The UK also contributed an annual average of $53.7 million to fossil-fuel exploration projects from 2010 to 2013 through its shares in the World Bank Group, the European Bank for Reconstruction and Development, the European Investment Bank, and the Asian Development Bank

But it’s all our fault anyway!



It appears that the Loony Left have their own strange lexicon.

Investment in, and taxes paid by, fossil fuels are regarded as a subsidy.

But subsidies given to renewable energy firms are called investment!

  1. July 20, 2016 1:03 pm

    We are hearing from the truly demented. It is mind-boggling to read this twisted garbage. Do any of these wizards have mirrors in their house? I seriously doubt it.

    • nightspore permalink
      July 20, 2016 6:35 pm

      They probably also avoid garlic.

  2. July 20, 2016 1:18 pm

    Excellent article Paul. Are they wilful liars or economic illiterates, votes please

    • David Richardson permalink
      July 21, 2016 12:07 pm

      David – Yes.

  3. Tim Hammond permalink
    July 20, 2016 2:08 pm

    The simple fact is that tax breaks are given to encourage productive investment that otherwise would not take place.

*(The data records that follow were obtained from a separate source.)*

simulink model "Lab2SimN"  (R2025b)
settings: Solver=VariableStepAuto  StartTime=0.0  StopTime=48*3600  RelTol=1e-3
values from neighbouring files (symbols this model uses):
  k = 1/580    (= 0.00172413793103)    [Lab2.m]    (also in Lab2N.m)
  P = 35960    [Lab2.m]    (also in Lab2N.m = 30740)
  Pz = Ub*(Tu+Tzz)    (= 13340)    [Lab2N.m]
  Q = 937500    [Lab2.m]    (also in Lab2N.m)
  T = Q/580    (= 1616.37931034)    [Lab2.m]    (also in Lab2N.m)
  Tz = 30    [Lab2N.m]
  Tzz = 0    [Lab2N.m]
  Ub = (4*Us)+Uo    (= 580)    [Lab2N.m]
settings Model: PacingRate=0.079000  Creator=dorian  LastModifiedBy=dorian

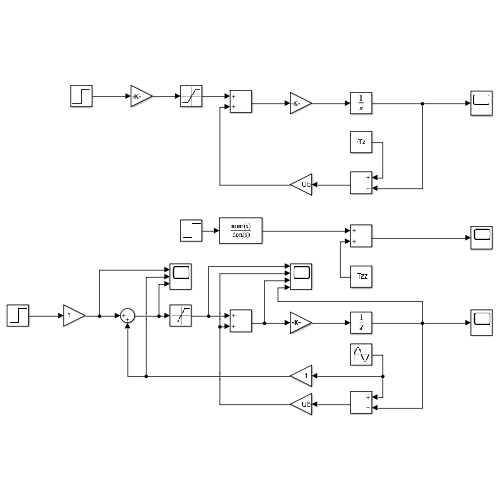
[thumbnail: Simulink's stored preview of the top-level diagram]
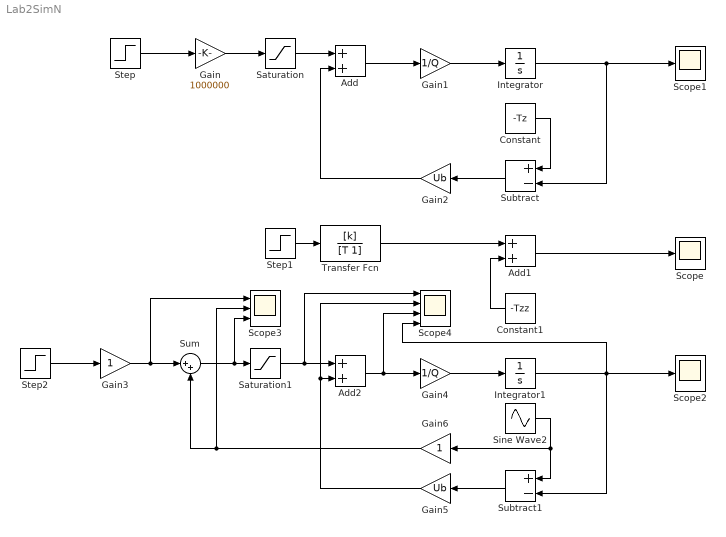
== system Lab2SimN ==
  Add : Sum
  Add1 : Sum
  Add2 : Sum
  Constant : Constant  Value=-Tz
  Constant1 : Constant  Value=-Tzz
  Gain : Gain  Gain=1000000
  Gain1 : Gain  Gain=1/Q
  Gain2 : Gain  Gain=Ub
  Gain3 : Gain
  Gain4 : Gain  Gain=1/Q
  Gain5 : Gain  Gain=Ub
  Gain6 : Gain
  Integrator : Integrator
  Integrator1 : Integrator
  Saturation : Saturate  UpperLimit=P  LowerLimit=0
  Saturation1 : Saturate  UpperLimit=P
  Scope : Scope
      settings: ActiveDisplayYMinimum=-1  ActiveDisplayYMaximum=1
  Scope1 : Scope
      settings: ActiveDisplayYMinimum=-2.8958735424517581  ActiveDisplayYMaximum=25.877319282494639
  Scope2 : Scope
      settings: ActiveDisplayYMinimum=-3.5121037927135488  ActiveDisplayYMaximum=31.455382568875436  DataLoggingVariableName=ScopeData2
  Scope3 : Scope  NumInputPorts=3
      settings: ActiveDisplayYMinimum=-8217.000343076088  ActiveDisplayYMaximum=38957.000343076084  DataLoggingVariableName=ScopeData3
  Scope4 : Scope  NumInputPorts=4
      settings: ActiveDisplayYMinimum=-57288.433597162664  ActiveDisplayYMaximum=46260.715056065761  DataLoggingVariableName=ScopeData4
  Sine Wave2 : Sin  Amplitude=5  Bias=-Tz  Frequency=(pi*2)/(24*3600)  SampleTime=0
  Step : Step  After=24*3600  SampleTime=0
  Step1 : Step  After=Pz  SampleTime=0
  Step2 : Step  After=P  SampleTime=0
  Subtract : Sum  Inputs=+-
  Subtract1 : Sum  Inputs=+-
  Sum : Sum  Inputs=|++
  Transfer Fcn : TransferFcn  Numerator=[k]  Denominator=[T 1]
  wires:
  Step/1 -> Gain/1
  Add/1 -> Gain1/1
  Gain1/1 -> Integrator/1
  Integrator/1 -> Scope1/1, Subtract/2
  Constant/1 -> Subtract/1
  Gain/1 -> Saturation/1
  Saturation/1 -> Add/1
  Subtract/1 -> Gain2/1
  Gain2/1 -> Add/2
  Add1/1 -> Scope/1
  Constant1/1 -> Add1/2
  Step1/1 -> Transfer Fcn/1
  Transfer Fcn/1 -> Add1/1
  Gain5/1 -> Scope4/2, Add2/2
  Gain4/1 -> Integrator1/1
  Subtract1/1 -> Gain5/1
  Add2/1 -> Scope4/3, Gain4/1
  Integrator1/1 -> Scope4/4, Subtract1/2, Scope2/1
  Sine Wave2/1 -> Gain6/1, Subtract1/1
  Saturation1/1 -> Scope4/1, Add2/1
  Sum/1 -> Scope3/3, Saturation1/1
  Gain3/1 -> Scope3/1, Sum/1
  Step2/1 -> Gain3/1
  Gain6/1 -> Scope3/2, Sum/2

    That will generate jobs and taxes.

    The idea that somehow those taxes wold be available to spend on schools and hospitals if there weren’t tax breaks is correct – in the very short term – but utterly stupid beyond that.

    Are these people ignorant or do they just hope we are?

  4. July 20, 2016 3:33 pm

    Breaking : Scots offshore wind ‘pretty much dead’ BBC quoting former minister claims
    after RSPB Scotland wins appeal against 4 new windfarms
    >>A judge upheld RSPB Scotland’s challenge to PREVIOUS consent for turbines in the Firth of Forth and Firth of Tay.
    Brian Wilson said the charity now “hold all the cards” over the schemes, which were to include hundreds of turbines.<<

    Strange thing is why BBC chose to hold off until the Labour MP spoke and then chose to SPIN it this way ? (especially after it had spent entire morning reporting "hottest June ever")
    I wonder if it a ruse to cause a backlash that the gov will give in to ?
    Little Emily reported 21 hours earlier

    More :
    The four projects – Inch Cape, Neart na Gaoithe and Seagreen Alpha and Bravo – were approved by Scottish ministers in October 2014, and could power more than 1.4 million homes.
    “Judge Lord Stewart ruled in favour of the charity, calling the consents “defective”, meaning ministers will have to reconsider the planning decisions”

    >>”If Neart na Gaoithe* had been consented separately, then the RSPB probably would not have taken action against it. <<
    * (only one ever likely to go ahead cos others don't have subsidy)

  5. July 20, 2016 3:37 pm

    Reblogged this on Climatism and commented:
    Reading the truth on energy ‘subsidies’ rit here.

  6. Stosh permalink
    July 22, 2016 1:18 am

    The numbers in this article are interesting but fail to realize that anything short of 100% tax of fossil fuel profits are to be considered a “subsidy” by the greens.